(Data records)

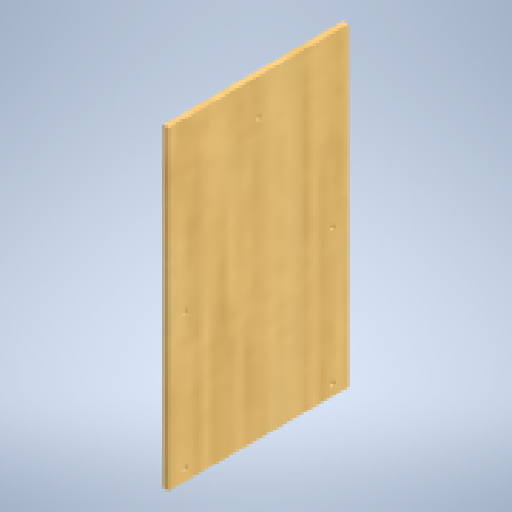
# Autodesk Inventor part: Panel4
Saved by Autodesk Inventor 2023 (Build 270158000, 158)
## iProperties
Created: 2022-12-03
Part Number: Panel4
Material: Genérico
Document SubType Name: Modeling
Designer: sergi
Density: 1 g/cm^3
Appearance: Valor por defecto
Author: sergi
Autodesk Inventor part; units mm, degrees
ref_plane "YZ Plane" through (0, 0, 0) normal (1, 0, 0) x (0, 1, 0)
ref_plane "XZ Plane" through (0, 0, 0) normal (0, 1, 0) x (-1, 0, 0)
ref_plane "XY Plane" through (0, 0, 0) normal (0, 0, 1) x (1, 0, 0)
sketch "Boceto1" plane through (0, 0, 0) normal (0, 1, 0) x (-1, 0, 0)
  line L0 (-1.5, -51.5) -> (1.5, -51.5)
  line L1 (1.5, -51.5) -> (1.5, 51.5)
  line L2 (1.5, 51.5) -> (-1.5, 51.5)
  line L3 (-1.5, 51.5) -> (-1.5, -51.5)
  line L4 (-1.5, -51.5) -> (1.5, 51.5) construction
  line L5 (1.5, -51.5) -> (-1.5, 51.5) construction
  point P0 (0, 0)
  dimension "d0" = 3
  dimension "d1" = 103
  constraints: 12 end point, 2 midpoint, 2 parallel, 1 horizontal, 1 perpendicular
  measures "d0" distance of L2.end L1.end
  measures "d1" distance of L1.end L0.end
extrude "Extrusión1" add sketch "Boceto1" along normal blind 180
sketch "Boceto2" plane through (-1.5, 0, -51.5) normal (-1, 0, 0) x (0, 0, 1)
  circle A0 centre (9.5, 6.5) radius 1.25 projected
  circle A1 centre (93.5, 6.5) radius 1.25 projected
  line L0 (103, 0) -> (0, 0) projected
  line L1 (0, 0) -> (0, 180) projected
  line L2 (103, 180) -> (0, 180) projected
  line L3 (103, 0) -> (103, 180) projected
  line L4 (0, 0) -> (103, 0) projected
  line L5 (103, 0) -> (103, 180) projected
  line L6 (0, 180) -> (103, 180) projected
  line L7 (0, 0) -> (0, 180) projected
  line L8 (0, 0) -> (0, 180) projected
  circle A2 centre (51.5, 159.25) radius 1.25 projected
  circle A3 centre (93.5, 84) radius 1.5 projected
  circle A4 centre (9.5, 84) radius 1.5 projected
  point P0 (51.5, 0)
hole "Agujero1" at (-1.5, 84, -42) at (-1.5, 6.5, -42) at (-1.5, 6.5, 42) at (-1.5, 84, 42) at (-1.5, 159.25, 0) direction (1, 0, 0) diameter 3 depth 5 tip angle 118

(End Data records)

-- What the task asks --
Write down exactly the span of lines above from the one containing "0) x (0, 1, 0)" to the one containing "of L1.end L0.end", both ends included.

-- Result for this task --
ref_plane "YZ Plane" through (0, 0, 0) normal (1, 0, 0) x (0, 1, 0)
ref_plane "XZ Plane" through (0, 0, 0) normal (0, 1, 0) x (-1, 0, 0)
ref_plane "XY Plane" through (0, 0, 0) normal (0, 0, 1) x (1, 0, 0)
sketch "Boceto1" plane through (0, 0, 0) normal (0, 1, 0) x (-1, 0, 0)
  line L0 (-1.5, -51.5) -> (1.5, -51.5)
  line L1 (1.5, -51.5) -> (1.5, 51.5)
  line L2 (1.5, 51.5) -> (-1.5, 51.5)
  line L3 (-1.5, 51.5) -> (-1.5, -51.5)
  line L4 (-1.5, -51.5) -> (1.5, 51.5) construction
  line L5 (1.5, -51.5) -> (-1.5, 51.5) construction
  point P0 (0, 0)
  dimension "d0" = 3
  dimension "d1" = 103
  constraints: 12 end point, 2 midpoint, 2 parallel, 1 horizontal, 1 perpendicular
  measures "d0" distance of L2.end L1.end
  measures "d1" distance of L1.end L0.end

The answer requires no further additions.